== YOUR GOAL ==
Print, in exact form, the lines below from the one containing "- U1 pad 23: Net-(U1-Pad23) -> /A2B/B'''N" through the one containing "- added copper zone on B.Cu, net GND", and omit all others.

※ ※ ※

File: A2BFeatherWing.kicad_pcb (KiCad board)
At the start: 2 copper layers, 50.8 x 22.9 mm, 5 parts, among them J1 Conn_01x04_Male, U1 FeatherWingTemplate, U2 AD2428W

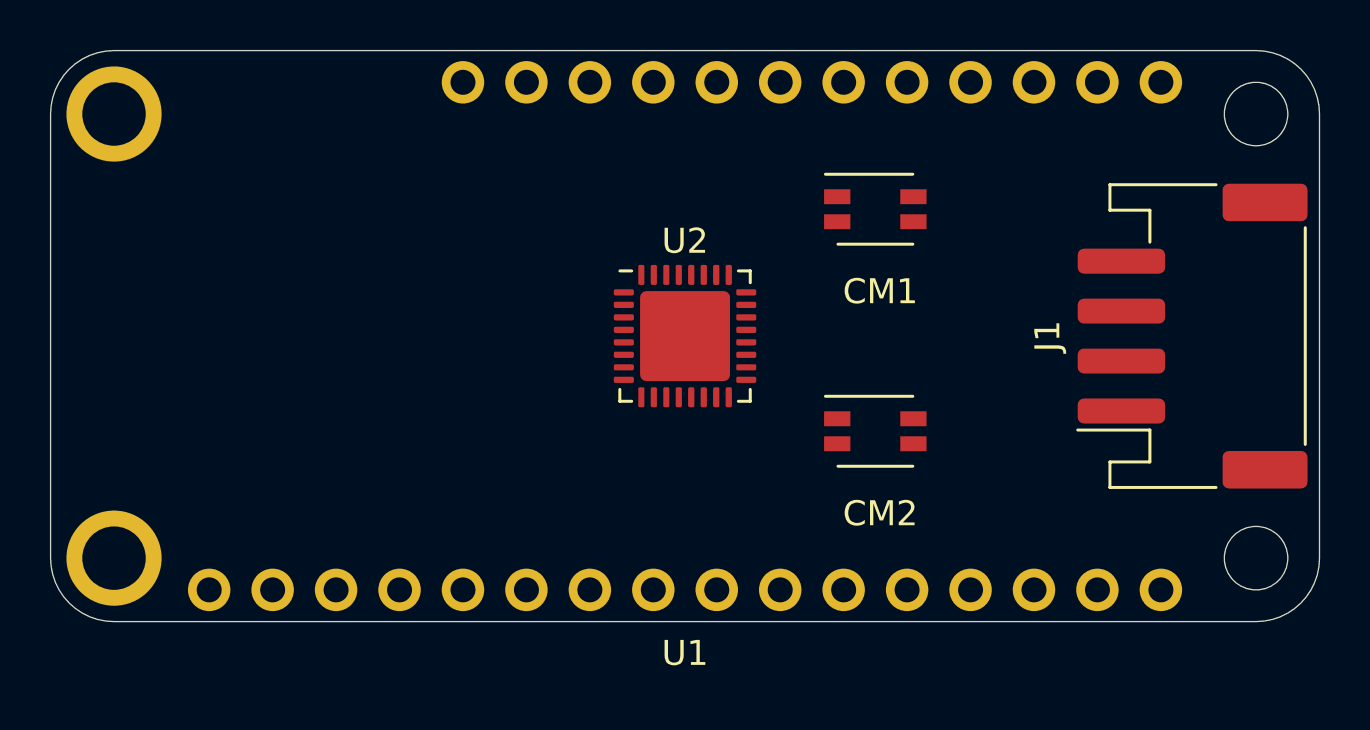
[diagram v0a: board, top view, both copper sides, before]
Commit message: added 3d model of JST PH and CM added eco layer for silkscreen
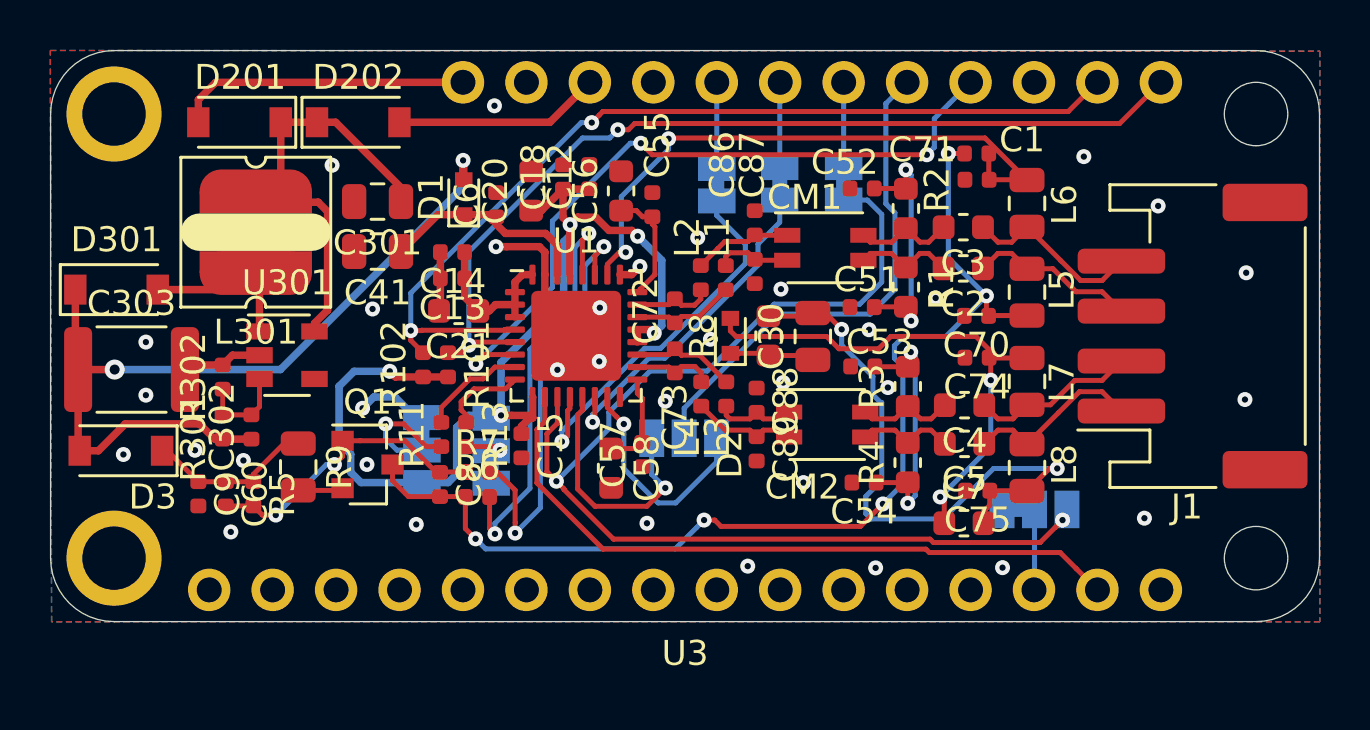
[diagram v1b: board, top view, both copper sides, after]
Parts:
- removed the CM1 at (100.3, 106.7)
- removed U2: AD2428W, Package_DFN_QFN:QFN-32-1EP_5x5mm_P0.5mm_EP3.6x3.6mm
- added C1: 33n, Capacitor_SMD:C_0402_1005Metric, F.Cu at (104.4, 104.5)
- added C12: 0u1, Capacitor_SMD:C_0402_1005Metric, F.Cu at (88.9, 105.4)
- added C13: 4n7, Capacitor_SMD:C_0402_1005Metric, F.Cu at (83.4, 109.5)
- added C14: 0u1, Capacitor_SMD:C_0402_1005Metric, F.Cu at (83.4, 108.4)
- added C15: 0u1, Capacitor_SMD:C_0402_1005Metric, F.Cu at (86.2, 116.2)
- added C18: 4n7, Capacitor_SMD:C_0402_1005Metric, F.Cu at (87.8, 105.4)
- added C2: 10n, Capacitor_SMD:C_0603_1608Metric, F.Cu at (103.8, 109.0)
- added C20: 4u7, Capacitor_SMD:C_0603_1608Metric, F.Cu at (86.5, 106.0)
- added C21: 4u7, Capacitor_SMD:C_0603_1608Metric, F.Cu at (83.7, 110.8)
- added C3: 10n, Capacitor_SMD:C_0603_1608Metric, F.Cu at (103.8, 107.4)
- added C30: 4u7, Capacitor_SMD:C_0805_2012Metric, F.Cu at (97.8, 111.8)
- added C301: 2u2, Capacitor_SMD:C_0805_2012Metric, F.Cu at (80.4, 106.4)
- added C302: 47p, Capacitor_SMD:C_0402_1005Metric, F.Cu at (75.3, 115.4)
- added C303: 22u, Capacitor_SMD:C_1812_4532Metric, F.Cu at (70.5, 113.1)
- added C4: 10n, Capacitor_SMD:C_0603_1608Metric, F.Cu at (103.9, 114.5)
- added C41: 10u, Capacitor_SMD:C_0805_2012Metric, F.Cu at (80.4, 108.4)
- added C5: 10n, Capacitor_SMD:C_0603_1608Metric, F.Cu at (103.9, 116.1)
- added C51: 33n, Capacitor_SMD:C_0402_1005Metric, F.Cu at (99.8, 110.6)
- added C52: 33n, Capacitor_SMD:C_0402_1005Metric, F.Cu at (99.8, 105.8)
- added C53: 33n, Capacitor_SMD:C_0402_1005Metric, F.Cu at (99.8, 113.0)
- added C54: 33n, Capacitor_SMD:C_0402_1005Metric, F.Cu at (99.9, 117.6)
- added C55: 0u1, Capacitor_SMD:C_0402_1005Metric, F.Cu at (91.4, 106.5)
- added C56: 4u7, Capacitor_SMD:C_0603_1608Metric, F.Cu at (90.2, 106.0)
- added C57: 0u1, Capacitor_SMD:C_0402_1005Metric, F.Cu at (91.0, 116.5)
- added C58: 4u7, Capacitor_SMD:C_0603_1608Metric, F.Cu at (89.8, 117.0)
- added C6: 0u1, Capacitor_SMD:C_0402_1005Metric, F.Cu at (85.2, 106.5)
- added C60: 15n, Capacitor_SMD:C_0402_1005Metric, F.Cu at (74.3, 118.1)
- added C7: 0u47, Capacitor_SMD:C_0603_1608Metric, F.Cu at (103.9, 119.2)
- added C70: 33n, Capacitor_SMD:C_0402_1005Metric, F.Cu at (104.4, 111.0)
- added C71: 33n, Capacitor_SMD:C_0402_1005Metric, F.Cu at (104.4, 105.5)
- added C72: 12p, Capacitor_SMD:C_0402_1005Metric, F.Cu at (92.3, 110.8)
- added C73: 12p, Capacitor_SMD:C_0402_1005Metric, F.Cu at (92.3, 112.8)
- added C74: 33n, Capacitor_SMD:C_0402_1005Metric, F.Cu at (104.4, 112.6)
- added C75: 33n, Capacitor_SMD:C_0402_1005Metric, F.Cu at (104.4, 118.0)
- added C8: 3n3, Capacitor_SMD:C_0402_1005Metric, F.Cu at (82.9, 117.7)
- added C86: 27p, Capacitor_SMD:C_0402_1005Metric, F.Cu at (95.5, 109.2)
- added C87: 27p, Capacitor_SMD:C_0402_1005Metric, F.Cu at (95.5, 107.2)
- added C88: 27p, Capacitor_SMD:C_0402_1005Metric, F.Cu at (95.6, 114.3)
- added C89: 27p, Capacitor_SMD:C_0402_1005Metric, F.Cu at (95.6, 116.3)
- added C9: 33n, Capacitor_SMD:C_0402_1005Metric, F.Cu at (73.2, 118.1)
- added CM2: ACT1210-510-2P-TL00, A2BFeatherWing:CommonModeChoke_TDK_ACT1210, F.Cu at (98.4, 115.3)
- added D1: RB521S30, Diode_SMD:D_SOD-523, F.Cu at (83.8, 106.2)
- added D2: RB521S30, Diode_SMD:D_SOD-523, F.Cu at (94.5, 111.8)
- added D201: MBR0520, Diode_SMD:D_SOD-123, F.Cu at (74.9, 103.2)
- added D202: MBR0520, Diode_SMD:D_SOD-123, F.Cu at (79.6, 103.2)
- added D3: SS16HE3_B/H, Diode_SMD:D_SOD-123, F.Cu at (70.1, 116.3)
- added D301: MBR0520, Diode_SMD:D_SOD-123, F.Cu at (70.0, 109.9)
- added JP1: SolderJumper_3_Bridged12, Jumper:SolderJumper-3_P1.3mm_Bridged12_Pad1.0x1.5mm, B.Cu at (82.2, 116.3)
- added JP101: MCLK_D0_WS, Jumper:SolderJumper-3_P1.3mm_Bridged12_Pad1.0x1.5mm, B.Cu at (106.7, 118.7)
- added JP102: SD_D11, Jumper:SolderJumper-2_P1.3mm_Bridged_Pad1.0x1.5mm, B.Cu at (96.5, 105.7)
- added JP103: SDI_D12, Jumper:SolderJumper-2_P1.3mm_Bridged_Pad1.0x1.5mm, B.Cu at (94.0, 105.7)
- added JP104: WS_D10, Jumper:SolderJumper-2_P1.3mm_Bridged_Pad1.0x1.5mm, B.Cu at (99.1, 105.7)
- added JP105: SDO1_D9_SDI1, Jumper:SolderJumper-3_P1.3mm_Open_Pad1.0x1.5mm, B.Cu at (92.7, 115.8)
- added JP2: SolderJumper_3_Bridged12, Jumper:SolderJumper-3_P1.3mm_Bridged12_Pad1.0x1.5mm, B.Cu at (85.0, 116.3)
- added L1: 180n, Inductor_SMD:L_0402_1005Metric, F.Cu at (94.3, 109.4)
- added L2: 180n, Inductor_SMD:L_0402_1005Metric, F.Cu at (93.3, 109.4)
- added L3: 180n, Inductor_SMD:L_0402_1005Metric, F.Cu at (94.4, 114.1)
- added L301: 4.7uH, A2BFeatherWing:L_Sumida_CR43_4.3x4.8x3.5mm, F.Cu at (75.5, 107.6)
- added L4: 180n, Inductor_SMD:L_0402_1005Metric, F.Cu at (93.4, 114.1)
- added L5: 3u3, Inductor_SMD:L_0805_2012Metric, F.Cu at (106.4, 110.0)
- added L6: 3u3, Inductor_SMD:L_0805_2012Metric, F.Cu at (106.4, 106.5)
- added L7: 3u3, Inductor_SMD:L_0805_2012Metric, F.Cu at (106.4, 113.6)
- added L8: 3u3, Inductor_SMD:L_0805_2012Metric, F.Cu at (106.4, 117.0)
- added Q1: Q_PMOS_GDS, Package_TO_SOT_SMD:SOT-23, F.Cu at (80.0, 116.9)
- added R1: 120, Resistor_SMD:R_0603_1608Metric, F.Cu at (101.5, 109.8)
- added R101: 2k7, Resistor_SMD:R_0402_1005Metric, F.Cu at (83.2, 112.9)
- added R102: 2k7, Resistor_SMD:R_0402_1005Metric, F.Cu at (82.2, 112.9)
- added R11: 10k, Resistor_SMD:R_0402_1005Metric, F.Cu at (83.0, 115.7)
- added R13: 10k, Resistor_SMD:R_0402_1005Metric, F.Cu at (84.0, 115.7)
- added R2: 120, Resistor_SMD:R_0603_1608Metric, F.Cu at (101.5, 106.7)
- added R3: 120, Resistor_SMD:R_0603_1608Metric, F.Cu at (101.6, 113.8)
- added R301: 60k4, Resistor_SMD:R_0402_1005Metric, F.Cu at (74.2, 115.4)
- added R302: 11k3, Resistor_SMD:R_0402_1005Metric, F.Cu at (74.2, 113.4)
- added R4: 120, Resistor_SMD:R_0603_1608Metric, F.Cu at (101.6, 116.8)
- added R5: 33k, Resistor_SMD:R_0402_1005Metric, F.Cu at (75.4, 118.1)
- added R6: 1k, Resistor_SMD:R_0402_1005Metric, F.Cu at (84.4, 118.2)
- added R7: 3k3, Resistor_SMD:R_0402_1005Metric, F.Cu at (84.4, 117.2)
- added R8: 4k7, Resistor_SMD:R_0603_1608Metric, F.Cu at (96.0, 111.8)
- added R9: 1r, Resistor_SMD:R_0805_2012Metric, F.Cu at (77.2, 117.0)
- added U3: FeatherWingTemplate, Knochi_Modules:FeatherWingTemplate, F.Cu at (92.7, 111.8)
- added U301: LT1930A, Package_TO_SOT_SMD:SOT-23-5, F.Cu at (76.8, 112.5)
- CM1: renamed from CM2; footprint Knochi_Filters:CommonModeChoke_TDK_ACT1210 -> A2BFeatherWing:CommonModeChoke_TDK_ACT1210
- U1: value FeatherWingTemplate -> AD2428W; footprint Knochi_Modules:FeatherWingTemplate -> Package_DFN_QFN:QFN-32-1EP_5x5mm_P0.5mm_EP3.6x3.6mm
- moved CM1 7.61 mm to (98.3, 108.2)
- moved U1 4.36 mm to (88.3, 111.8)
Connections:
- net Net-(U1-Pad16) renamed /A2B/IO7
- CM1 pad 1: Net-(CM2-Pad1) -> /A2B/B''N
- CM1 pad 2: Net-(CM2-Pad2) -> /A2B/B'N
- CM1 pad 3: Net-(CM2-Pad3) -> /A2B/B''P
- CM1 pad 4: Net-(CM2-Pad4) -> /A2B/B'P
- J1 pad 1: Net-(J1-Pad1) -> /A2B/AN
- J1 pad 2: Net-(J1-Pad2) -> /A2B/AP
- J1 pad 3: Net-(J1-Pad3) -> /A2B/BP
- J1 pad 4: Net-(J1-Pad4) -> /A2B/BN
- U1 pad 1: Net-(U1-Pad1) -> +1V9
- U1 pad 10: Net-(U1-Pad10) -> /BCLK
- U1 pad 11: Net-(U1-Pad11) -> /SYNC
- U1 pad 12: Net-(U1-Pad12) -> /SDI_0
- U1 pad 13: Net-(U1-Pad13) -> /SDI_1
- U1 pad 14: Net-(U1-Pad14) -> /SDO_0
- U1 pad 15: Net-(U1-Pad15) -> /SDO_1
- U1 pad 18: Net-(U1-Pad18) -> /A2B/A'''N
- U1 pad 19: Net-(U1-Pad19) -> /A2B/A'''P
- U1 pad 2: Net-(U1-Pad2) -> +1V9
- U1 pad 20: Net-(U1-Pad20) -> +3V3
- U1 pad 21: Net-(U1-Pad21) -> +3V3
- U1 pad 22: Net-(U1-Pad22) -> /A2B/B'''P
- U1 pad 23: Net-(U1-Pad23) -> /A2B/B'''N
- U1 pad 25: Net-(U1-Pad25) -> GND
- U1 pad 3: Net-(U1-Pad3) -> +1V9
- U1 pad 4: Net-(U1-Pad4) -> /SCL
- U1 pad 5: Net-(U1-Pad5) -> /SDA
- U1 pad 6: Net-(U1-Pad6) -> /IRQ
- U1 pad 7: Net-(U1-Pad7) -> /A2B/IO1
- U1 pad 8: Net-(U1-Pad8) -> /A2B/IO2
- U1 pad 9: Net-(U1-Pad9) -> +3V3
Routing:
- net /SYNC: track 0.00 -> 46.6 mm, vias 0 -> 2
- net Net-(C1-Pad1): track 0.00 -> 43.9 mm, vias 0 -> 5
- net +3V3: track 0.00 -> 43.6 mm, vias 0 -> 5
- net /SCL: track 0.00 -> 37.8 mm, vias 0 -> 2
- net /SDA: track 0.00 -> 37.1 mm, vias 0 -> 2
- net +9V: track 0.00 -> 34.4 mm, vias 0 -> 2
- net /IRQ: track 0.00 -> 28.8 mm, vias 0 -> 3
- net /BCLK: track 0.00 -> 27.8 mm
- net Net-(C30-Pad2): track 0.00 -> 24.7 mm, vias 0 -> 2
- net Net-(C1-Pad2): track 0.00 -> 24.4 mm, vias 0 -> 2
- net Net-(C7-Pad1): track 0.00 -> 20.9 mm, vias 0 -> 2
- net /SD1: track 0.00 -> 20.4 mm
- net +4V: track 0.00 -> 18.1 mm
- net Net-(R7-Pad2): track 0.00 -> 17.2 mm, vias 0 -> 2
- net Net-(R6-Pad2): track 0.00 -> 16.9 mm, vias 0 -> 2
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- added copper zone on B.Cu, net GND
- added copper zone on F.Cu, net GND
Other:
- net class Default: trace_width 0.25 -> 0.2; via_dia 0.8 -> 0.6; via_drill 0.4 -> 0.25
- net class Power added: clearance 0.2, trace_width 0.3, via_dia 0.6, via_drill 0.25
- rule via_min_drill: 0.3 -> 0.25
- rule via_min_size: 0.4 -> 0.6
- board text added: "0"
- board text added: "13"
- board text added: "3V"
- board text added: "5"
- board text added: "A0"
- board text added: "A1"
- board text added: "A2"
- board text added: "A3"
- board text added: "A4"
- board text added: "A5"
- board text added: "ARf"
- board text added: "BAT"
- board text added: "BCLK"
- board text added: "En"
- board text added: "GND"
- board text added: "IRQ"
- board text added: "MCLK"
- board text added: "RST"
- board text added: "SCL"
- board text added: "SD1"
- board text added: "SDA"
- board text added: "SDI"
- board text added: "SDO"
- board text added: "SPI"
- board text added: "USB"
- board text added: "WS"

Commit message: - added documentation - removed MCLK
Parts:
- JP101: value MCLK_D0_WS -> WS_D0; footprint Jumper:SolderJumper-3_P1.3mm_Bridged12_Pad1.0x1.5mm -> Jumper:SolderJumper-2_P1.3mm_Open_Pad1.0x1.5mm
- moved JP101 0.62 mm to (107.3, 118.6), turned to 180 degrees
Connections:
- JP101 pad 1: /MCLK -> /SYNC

※ ※ ※

== TASK RESPONSE ==
- U1 pad 23: Net-(U1-Pad23) -> /A2B/B'''N
- U1 pad 25: Net-(U1-Pad25) -> GND
- U1 pad 3: Net-(U1-Pad3) -> +1V9
- U1 pad 4: Net-(U1-Pad4) -> /SCL
- U1 pad 5: Net-(U1-Pad5) -> /SDA
- U1 pad 6: Net-(U1-Pad6) -> /IRQ
- U1 pad 7: Net-(U1-Pad7) -> /A2B/IO1
- U1 pad 8: Net-(U1-Pad8) -> /A2B/IO2
- U1 pad 9: Net-(U1-Pad9) -> +3V3
Routing:
- net /SYNC: track 0.00 -> 46.6 mm, vias 0 -> 2
- net Net-(C1-Pad1): track 0.00 -> 43.9 mm, vias 0 -> 5
- net +3V3: track 0.00 -> 43.6 mm, vias 0 -> 5
- net /SCL: track 0.00 -> 37.8 mm, vias 0 -> 2
- net /SDA: track 0.00 -> 37.1 mm, vias 0 -> 2
- net +9V: track 0.00 -> 34.4 mm, vias 0 -> 2
- net /IRQ: track 0.00 -> 28.8 mm, vias 0 -> 3
- net /BCLK: track 0.00 -> 27.8 mm
- net Net-(C30-Pad2): track 0.00 -> 24.7 mm, vias 0 -> 2
- net Net-(C1-Pad2): track 0.00 -> 24.4 mm, vias 0 -> 2
- net Net-(C7-Pad1): track 0.00 -> 20.9 mm, vias 0 -> 2
- net /SD1: track 0.00 -> 20.4 mm
- net +4V: track 0.00 -> 18.1 mm
- net Net-(R7-Pad2): track 0.00 -> 17.2 mm, vias 0 -> 2
- net Net-(R6-Pad2): track 0.00 -> 16.9 mm, vias 0 -> 2
- added copper zone on B.Cu, net GND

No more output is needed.